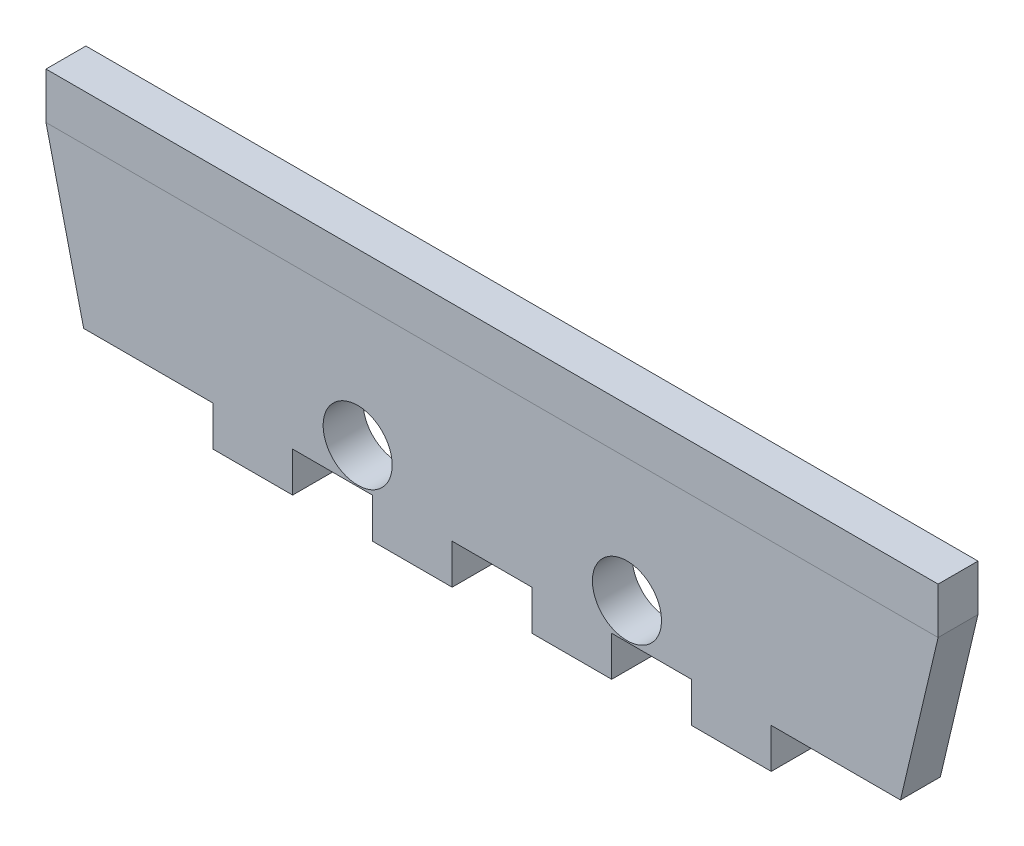
ISO-10303-21;
HEADER;
FILE_DESCRIPTION(('STEP AP214'),'2;1');
FILE_NAME('part.step','',(''),(''),'','','');
FILE_SCHEMA(('AUTOMOTIVE_DESIGN { 1 0 10303 214 1 1 1 1 }'));
ENDSEC;
DATA;
#1=APPLICATION_CONTEXT('core data for automotive mechanical design processes');
#2=APPLICATION_PROTOCOL_DEFINITION('international standard','automotive_design',2000,#1);
#3=PRODUCT_CONTEXT('',#1,'mechanical');
#4=PRODUCT('Part','Part','',(#3));
#5=PRODUCT_RELATED_PRODUCT_CATEGORY('part','',(#4));
#6=PRODUCT_DEFINITION_FORMATION('','',#4);
#7=PRODUCT_DEFINITION_CONTEXT('part definition',#1,'design');
#8=PRODUCT_DEFINITION('design','',#6,#7);
#9=PRODUCT_DEFINITION_SHAPE('','',#8);
#10=(LENGTH_UNIT() NAMED_UNIT(*) SI_UNIT(.MILLI.,.METRE.));
#11=(NAMED_UNIT(*) PLANE_ANGLE_UNIT() SI_UNIT($,.RADIAN.));
#12=(NAMED_UNIT(*) SI_UNIT($,.STERADIAN.) SOLID_ANGLE_UNIT());
#13=UNCERTAINTY_MEASURE_WITH_UNIT(LENGTH_MEASURE(1.E-05),#10,'distance_accuracy_value','');
#14=(GEOMETRIC_REPRESENTATION_CONTEXT(3) GLOBAL_UNCERTAINTY_ASSIGNED_CONTEXT((#13)) GLOBAL_UNIT_ASSIGNED_CONTEXT((#10,
#11,#12)) REPRESENTATION_CONTEXT('',''));
#15=CARTESIAN_POINT('',(0.,0.,0.));
#16=DIRECTION('',(0.,0.,1.));
#17=DIRECTION('',(1.,0.,0.));
#18=AXIS2_PLACEMENT_3D('',#15,#16,#17);
#19=CARTESIAN_POINT('',(-2.9972,0.,0.));
#20=DIRECTION('',(-1.,0.,0.));
#21=DIRECTION('',(0.,0.,1.));
#22=AXIS2_PLACEMENT_3D('',#19,#20,#21);
#23=PLANE('',#22);
#24=DIRECTION('',(0.,-1.,0.));
#25=VECTOR('',#24,1.);
#26=CARTESIAN_POINT('',(-2.9972,0.,3.175));
#27=LINE('',#26,#25);
#28=CARTESIAN_POINT('',(-2.9972,3.683,3.175));
#29=VERTEX_POINT('',#28);
#30=CARTESIAN_POINT('',(-2.9972,0.,3.175));
#31=VERTEX_POINT('',#30);
#32=EDGE_CURVE('E217',#29,#31,#27,.T.);
#33=ORIENTED_EDGE('',*,*,#32,.F.);
#34=DIRECTION('',(0.,0.,1.));
#35=VECTOR('',#34,1.);
#36=CARTESIAN_POINT('',(-2.9972,3.683,0.));
#37=LINE('',#36,#35);
#38=CARTESIAN_POINT('',(-2.9972,3.683,0.));
#39=VERTEX_POINT('',#38);
#40=EDGE_CURVE('E13',#39,#29,#37,.T.);
#41=ORIENTED_EDGE('',*,*,#40,.F.);
#42=DIRECTION('',(0.,-1.,0.));
#43=VECTOR('',#42,1.);
#44=CARTESIAN_POINT('',(-2.9972,0.,0.));
#45=LINE('',#44,#43);
#46=CARTESIAN_POINT('',(-2.9972,0.,0.));
#47=VERTEX_POINT('',#46);
#48=EDGE_CURVE('E211',#39,#47,#45,.T.);
#49=ORIENTED_EDGE('',*,*,#48,.T.);
#50=DIRECTION('',(0.,0.,1.));
#51=VECTOR('',#50,1.);
#52=CARTESIAN_POINT('',(-2.9972,0.,0.));
#53=LINE('',#52,#51);
#54=EDGE_CURVE('E156',#47,#31,#53,.T.);
#55=ORIENTED_EDGE('',*,*,#54,.T.);
#56=EDGE_LOOP('',(#33,#41,#49,#55));
#57=FACE_BOUND('',#56,.T.);
#58=ADVANCED_FACE('F153',(#57),#23,.T.);
#59=CARTESIAN_POINT('',(-2.9972,3.683,0.));
#60=DIRECTION('',(0.,1.,0.));
#61=DIRECTION('',(0.,0.,1.));
#62=AXIS2_PLACEMENT_3D('',#59,#60,#61);
#63=PLANE('',#62);
#64=DIRECTION('',(-1.,0.,0.));
#65=VECTOR('',#64,1.);
#66=CARTESIAN_POINT('',(-2.9972,3.683,3.175));
#67=LINE('',#66,#65);
#68=CARTESIAN_POINT('',(68.0212,3.683,3.175));
#69=VERTEX_POINT('',#68);
#70=EDGE_CURVE('E213',#69,#29,#67,.T.);
#71=ORIENTED_EDGE('',*,*,#70,.F.);
#72=DIRECTION('',(0.,0.,1.));
#73=VECTOR('',#72,1.);
#74=CARTESIAN_POINT('',(68.0212,3.683,0.));
#75=LINE('',#74,#73);
#76=CARTESIAN_POINT('',(68.0212,3.683,0.));
#77=VERTEX_POINT('',#76);
#78=EDGE_CURVE('E162',#77,#69,#75,.T.);
#79=ORIENTED_EDGE('',*,*,#78,.F.);
#80=DIRECTION('',(-1.,0.,0.));
#81=VECTOR('',#80,1.);
#82=CARTESIAN_POINT('',(-2.9972,3.683,0.));
#83=LINE('',#82,#81);
#84=EDGE_CURVE('E208',#77,#39,#83,.T.);
#85=ORIENTED_EDGE('',*,*,#84,.T.);
#86=ORIENTED_EDGE('',*,*,#40,.T.);
#87=EDGE_LOOP('',(#71,#79,#85,#86));
#88=FACE_BOUND('',#87,.T.);
#89=ADVANCED_FACE('F227',(#88),#63,.T.);
#90=CARTESIAN_POINT('',(68.0212,0.,0.));
#91=DIRECTION('',(1.,0.,0.));
#92=DIRECTION('',(0.,0.,-1.));
#93=AXIS2_PLACEMENT_3D('',#90,#91,#92);
#94=PLANE('',#93);
#95=DIRECTION('',(0.,1.,0.));
#96=VECTOR('',#95,1.);
#97=CARTESIAN_POINT('',(68.0212,0.,3.175));
#98=LINE('',#97,#96);
#99=CARTESIAN_POINT('',(68.0212,0.,3.175));
#100=VERTEX_POINT('',#99);
#101=EDGE_CURVE('E203',#100,#69,#98,.T.);
#102=ORIENTED_EDGE('',*,*,#101,.F.);
#103=DIRECTION('',(0.,0.,1.));
#104=VECTOR('',#103,1.);
#105=CARTESIAN_POINT('',(68.0212,0.,0.));
#106=LINE('',#105,#104);
#107=CARTESIAN_POINT('',(68.0212,0.,0.));
#108=VERTEX_POINT('',#107);
#109=EDGE_CURVE('E198',#108,#100,#106,.T.);
#110=ORIENTED_EDGE('',*,*,#109,.F.);
#111=DIRECTION('',(0.,1.,0.));
#112=VECTOR('',#111,1.);
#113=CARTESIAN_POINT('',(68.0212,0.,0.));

### WHAT THE TASK REQUIRES
The answer needed is a single number: how many lines in the records above hold the string "VECTOR". Please write nothing else.

### EXERCISE OUTPUT
10